**Task instructions**
Repeat the lines below exactly as written, please, from the line with "#22=AXIS2_PLACEMENT_3D('',#19,#20,#21);" to the line with "#49=LINE('',#48,#47);", both lines included, and no others.

**Supplied data**
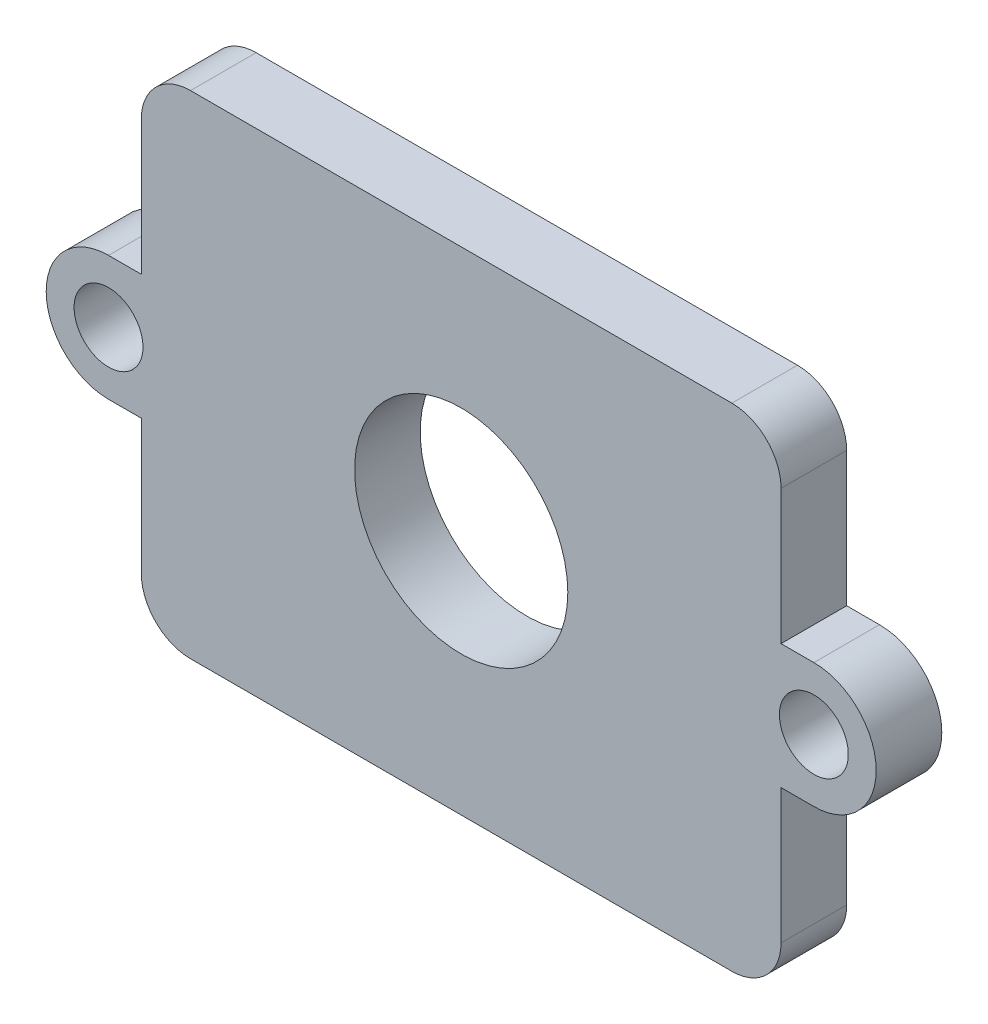
ISO-10303-21;
HEADER;
FILE_DESCRIPTION(('STEP AP214'),'2;1');
FILE_NAME('part.step','',(''),(''),'','','');
FILE_SCHEMA(('AUTOMOTIVE_DESIGN { 1 0 10303 214 1 1 1 1 }'));
ENDSEC;
DATA;
#1=APPLICATION_CONTEXT('core data for automotive mechanical design processes');
#2=APPLICATION_PROTOCOL_DEFINITION('international standard','automotive_design',2000,#1);
#3=PRODUCT_CONTEXT('',#1,'mechanical');
#4=PRODUCT('Part','Part','',(#3));
#5=PRODUCT_RELATED_PRODUCT_CATEGORY('part','',(#4));
#6=PRODUCT_DEFINITION_FORMATION('','',#4);
#7=PRODUCT_DEFINITION_CONTEXT('part definition',#1,'design');
#8=PRODUCT_DEFINITION('design','',#6,#7);
#9=PRODUCT_DEFINITION_SHAPE('','',#8);
#10=(LENGTH_UNIT() NAMED_UNIT(*) SI_UNIT(.MILLI.,.METRE.));
#11=(NAMED_UNIT(*) PLANE_ANGLE_UNIT() SI_UNIT($,.RADIAN.));
#12=(NAMED_UNIT(*) SI_UNIT($,.STERADIAN.) SOLID_ANGLE_UNIT());
#13=UNCERTAINTY_MEASURE_WITH_UNIT(LENGTH_MEASURE(1.E-05),#10,'distance_accuracy_value','');
#14=(GEOMETRIC_REPRESENTATION_CONTEXT(3) GLOBAL_UNCERTAINTY_ASSIGNED_CONTEXT((#13)) GLOBAL_UNIT_ASSIGNED_CONTEXT((#10,
#11,#12)) REPRESENTATION_CONTEXT('',''));
#15=CARTESIAN_POINT('',(0.,0.,0.));
#16=DIRECTION('',(0.,0.,1.));
#17=DIRECTION('',(1.,0.,0.));
#18=AXIS2_PLACEMENT_3D('',#15,#16,#17);
#19=CARTESIAN_POINT('',(0.,0.,4.));
#20=DIRECTION('',(0.,0.,1.));
#21=DIRECTION('',(1.,0.,0.));
#22=AXIS2_PLACEMENT_3D('',#19,#20,#21);
#23=PLANE('',#22);
#24=CARTESIAN_POINT('',(21.5,0.,4.));
#25=DIRECTION('',(0.,0.,-1.));
#26=DIRECTION('',(-1.,0.,0.));
#27=AXIS2_PLACEMENT_3D('',#24,#25,#26);
#28=CIRCLE('',#27,2.1);
#29=CARTESIAN_POINT('',(19.4,0.,4.));
#30=VERTEX_POINT('',#29);
#31=EDGE_CURVE('E332',#30,#30,#28,.T.);
#32=ORIENTED_EDGE('',*,*,#31,.T.);
#33=EDGE_LOOP('',(#32));
#34=FACE_BOUND('',#33,.T.);
#35=CARTESIAN_POINT('',(-21.5,0.,4.));
#36=DIRECTION('',(0.,0.,1.));
#37=DIRECTION('',(1.,0.,0.));
#38=AXIS2_PLACEMENT_3D('',#35,#36,#37);
#39=CIRCLE('',#38,2.1);
#40=CARTESIAN_POINT('',(-19.4,0.,4.));
#41=VERTEX_POINT('',#40);
#42=EDGE_CURVE('E326',#41,#41,#39,.T.);
#43=ORIENTED_EDGE('',*,*,#42,.F.);
#44=EDGE_LOOP('',(#43));
#45=FACE_BOUND('',#44,.T.);
#46=DIRECTION('',(1.,0.,0.));
#47=VECTOR('',#46,1.);
#48=CARTESIAN_POINT('',(-19.5,-15.,4.));
#49=LINE('',#48,#47);
#50=CARTESIAN_POINT('',(-16.5,-15.,4.));
#51=VERTEX_POINT('',#50);
#52=CARTESIAN_POINT('',(16.5,-15.,4.));
#53=VERTEX_POINT('',#52);
#54=EDGE_CURVE('E191',#51,#53,#49,.T.);
#55=ORIENTED_EDGE('',*,*,#54,.T.);
#56=CARTESIAN_POINT('',(16.5,-12.,4.));
#57=DIRECTION('',(0.,0.,1.));
#58=DIRECTION('',(1.,0.,0.));
#59=AXIS2_PLACEMENT_3D('',#56,#57,#58);
#60=CIRCLE('',#59,3.);
#61=CARTESIAN_POINT('',(19.5,-12.,4.));
#62=VERTEX_POINT('',#61);
#63=EDGE_CURVE('E257',#53,#62,#60,.T.);
#64=ORIENTED_EDGE('',*,*,#63,.T.);
#65=DIRECTION('',(0.,1.,0.));
#66=VECTOR('',#65,1.);
#67=CARTESIAN_POINT('',(19.5,-3.79999999999999,4.));
#68=LINE('',#67,#66);
#69=CARTESIAN_POINT('',(19.5,-3.79999999999999,4.));
#70=VERTEX_POINT('',#69);
#71=EDGE_CURVE('E177',#62,#70,#68,.T.);
#72=ORIENTED_EDGE('',*,*,#71,.T.);
#73=DIRECTION('',(1.,0.,0.));
#74=VECTOR('',#73,1.);
#75=CARTESIAN_POINT('',(21.5,-3.8,4.));
#76=LINE('',#75,#74);
#77=CARTESIAN_POINT('',(21.5,-3.8,4.));
#78=VERTEX_POINT('',#77);
#79=EDGE_CURVE('E166',#70,#78,#76,.T.);
#80=ORIENTED_EDGE('',*,*,#79,.T.);
#81=CARTESIAN_POINT('',(21.5,0.,4.));
#82=DIRECTION('',(0.,0.,-1.));
#83=DIRECTION('',(-1.,0.,0.));
#84=AXIS2_PLACEMENT_3D('',#81,#82,#83);
#85=CIRCLE('',#84,3.79999999999999);
#86=CARTESIAN_POINT('',(21.5,3.79999999999998,4.));
#87=VERTEX_POINT('',#86);
#88=EDGE_CURVE('E151',#87,#78,#85,.T.);
#89=ORIENTED_EDGE('',*,*,#88,.F.);
#90=DIRECTION('',(-1.,0.,0.));
#91=VECTOR('',#90,1.);
#92=CARTESIAN_POINT('',(19.5,3.79999999999999,4.));
#93=LINE('',#92,#91);
#94=CARTESIAN_POINT('',(19.5,3.79999999999999,4.));
#95=VERTEX_POINT('',#94);
#96=EDGE_CURVE('E163',#87,#95,#93,.T.);
#97=ORIENTED_EDGE('',*,*,#96,.T.);
#98=DIRECTION('',(0.,1.,0.));
#99=VECTOR('',#98,1.);
#100=CARTESIAN_POINT('',(19.5,15.,4.));
#101=LINE('',#100,#99);
#102=CARTESIAN_POINT('',(19.5,12.,4.));
#103=VERTEX_POINT('',#102);
#104=EDGE_CURVE('E173',#95,#103,#101,.T.);
#105=ORIENTED_EDGE('',*,*,#104,.T.);
#106=CARTESIAN_POINT('',(16.5,12.,4.));
#107=DIRECTION('',(0.,0.,1.));
#108=DIRECTION('',(1.,0.,0.));
#109=AXIS2_PLACEMENT_3D('',#106,#107,#108);
#110=CIRCLE('',#109,3.);
#111=CARTESIAN_POINT('',(16.5,15.,4.));
#112=VERTEX_POINT('',#111);
#113=EDGE_CURVE('E252',#103,#112,#110,.T.);
#114=ORIENTED_EDGE('',*,*,#113,.T.);
#115=DIRECTION('',(-1.,0.,0.));
#116=VECTOR('',#115,1.);
#117=CARTESIAN_POINT('',(-19.5,15.,4.));
#118=LINE('',#117,#116);
#119=CARTESIAN_POINT('',(-16.5,15.,4.));
#120=VERTEX_POINT('',#119);
#121=EDGE_CURVE('E175',#112,#120,#118,.T.);
#122=ORIENTED_EDGE('',*,*,#121,.T.);
#123=CARTESIAN_POINT('',(-16.5,12.,4.));
#124=DIRECTION('',(0.,0.,1.));
#125=DIRECTION('',(1.,0.,0.));
#126=AXIS2_PLACEMENT_3D('',#123,#124,#125);
#127=CIRCLE('',#126,3.);
#128=CARTESIAN_POINT('',(-19.5,12.,4.));
#129=VERTEX_POINT('',#128);
#130=EDGE_CURVE('E56',#120,#129,#127,.T.);
#131=ORIENTED_EDGE('',*,*,#130,.T.);
#132=DIRECTION('',(0.,-1.,0.));
#133=VECTOR('',#132,1.);
#134=CARTESIAN_POINT('',(-19.5,15.,4.));
#135=LINE('',#134,#133);
#136=CARTESIAN_POINT('',(-19.5,3.79999999999999,4.));
#137=VERTEX_POINT('',#136);
#138=EDGE_CURVE('E182',#129,#137,#135,.T.);
#139=ORIENTED_EDGE('',*,*,#138,.T.);
#140=DIRECTION('',(-1.,0.,0.));
#141=VECTOR('',#140,1.);
#142=CARTESIAN_POINT('',(-19.5,3.79999999999999,4.));
#143=LINE('',#142,#141);
#144=CARTESIAN_POINT('',(-21.5,3.79999999999999,4.));
#145=VERTEX_POINT('',#144);
#146=EDGE_CURVE('E184',#137,#145,#143,.T.);
#147=ORIENTED_EDGE('',*,*,#146,.T.);
#148=CARTESIAN_POINT('',(-21.5,0.,4.));
#149=DIRECTION('',(0.,0.,1.));
#150=DIRECTION('',(1.,0.,0.));
#151=AXIS2_PLACEMENT_3D('',#148,#149,#150);
#152=CIRCLE('',#151,3.79999999999999);
#153=CARTESIAN_POINT('',(-21.5,-3.79999999999998,4.));
#154=VERTEX_POINT('',#153);
#155=EDGE_CURVE('E291',#145,#154,#152,.T.);
#156=ORIENTED_EDGE('',*,*,#155,.T.);
#157=DIRECTION('',(1.,0.,0.));
#158=VECTOR('',#157,1.);
#159=CARTESIAN_POINT('',(-21.5,-3.79999999999998,4.));
#160=LINE('',#159,#158);
#161=CARTESIAN_POINT('',(-19.5,-3.79999999999999,4.));
#162=VERTEX_POINT('',#161);
#163=EDGE_CURVE('E187',#154,#162,#160,.T.);
#164=ORIENTED_EDGE('',*,*,#163,.T.);
#165=DIRECTION('',(0.,-1.,0.));
#166=VECTOR('',#165,1.);
#167=CARTESIAN_POINT('',(-19.5,-3.79999999999999,4.));
#168=LINE('',#167,#166);
#169=CARTESIAN_POINT('',(-19.5,-12.,4.));
#170=VERTEX_POINT('',#169);
#171=EDGE_CURVE('E189',#162,#170,#168,.T.);
#172=ORIENTED_EDGE('',*,*,#171,.T.);
#173=CARTESIAN_POINT('',(-16.5,-12.,4.));
#174=DIRECTION('',(0.,0.,1.));
#175=DIRECTION('',(1.,0.,0.));
#176=AXIS2_PLACEMENT_3D('',#173,#174,#175);
#177=CIRCLE('',#176,3.);
#178=EDGE_CURVE('E255',#170,#51,#177,.T.);
#179=ORIENTED_EDGE('',*,*,#178,.T.);
#180=EDGE_LOOP('',(#55,#64,#72,#80,#89,#97,#105,#114,#122,#131,#139,#147,#156,#164,#172,#179));
#181=FACE_BOUND('',#180,.T.);
#182=CARTESIAN_POINT('',(0.,0.,4.));
#183=DIRECTION('',(0.,0.,1.));
#184=DIRECTION('',(1.,0.,0.));
#185=AXIS2_PLACEMENT_3D('',#182,#183,#184);
#186=CIRCLE('',#185,6.5);
#187=CARTESIAN_POINT('',(6.5,0.,4.));
#188=VERTEX_POINT('',#187);
#189=EDGE_CURVE('E197',#188,#188,#186,.T.);
#190=ORIENTED_EDGE('',*,*,#189,.F.);
#191=EDGE_LOOP('',(#190));
#192=FACE_BOUND('',#191,.T.);
#193=ADVANCED_FACE('F33',(#34,#45,#181,#192),#23,.T.);
#194=CARTESIAN_POINT('',(0.,0.,0.));
#195=DIRECTION('',(0.,0.,1.));
#196=DIRECTION('',(1.,0.,0.));
#197=AXIS2_PLACEMENT_3D('',#194,#195,#196);
#198=PLANE('',#197);
#199=CARTESIAN_POINT('',(21.5,0.,0.));
#200=DIRECTION('',(0.,0.,-1.));
#201=DIRECTION('',(-1.,0.,0.));
#202=AXIS2_PLACEMENT_3D('',#199,#200,#201);
#203=CIRCLE('',#202,2.1);
#204=CARTESIAN_POINT('',(19.4,0.,0.));
#205=VERTEX_POINT('',#204);
#206=EDGE_CURVE('E168',#205,#205,#203,.T.);
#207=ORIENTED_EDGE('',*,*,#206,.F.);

**Result of the exercise**
#22=AXIS2_PLACEMENT_3D('',#19,#20,#21);
#23=PLANE('',#22);
#24=CARTESIAN_POINT('',(21.5,0.,4.));
#25=DIRECTION('',(0.,0.,-1.));
#26=DIRECTION('',(-1.,0.,0.));
#27=AXIS2_PLACEMENT_3D('',#24,#25,#26);
#28=CIRCLE('',#27,2.1);
#29=CARTESIAN_POINT('',(19.4,0.,4.));
#30=VERTEX_POINT('',#29);
#31=EDGE_CURVE('E332',#30,#30,#28,.T.);
#32=ORIENTED_EDGE('',*,*,#31,.T.);
#33=EDGE_LOOP('',(#32));
#34=FACE_BOUND('',#33,.T.);
#35=CARTESIAN_POINT('',(-21.5,0.,4.));
#36=DIRECTION('',(0.,0.,1.));
#37=DIRECTION('',(1.,0.,0.));
#38=AXIS2_PLACEMENT_3D('',#35,#36,#37);
#39=CIRCLE('',#38,2.1);
#40=CARTESIAN_POINT('',(-19.4,0.,4.));
#41=VERTEX_POINT('',#40);
#42=EDGE_CURVE('E326',#41,#41,#39,.T.);
#43=ORIENTED_EDGE('',*,*,#42,.F.);
#44=EDGE_LOOP('',(#43));
#45=FACE_BOUND('',#44,.T.);
#46=DIRECTION('',(1.,0.,0.));
#47=VECTOR('',#46,1.);
#48=CARTESIAN_POINT('',(-19.5,-15.,4.));
#49=LINE('',#48,#47);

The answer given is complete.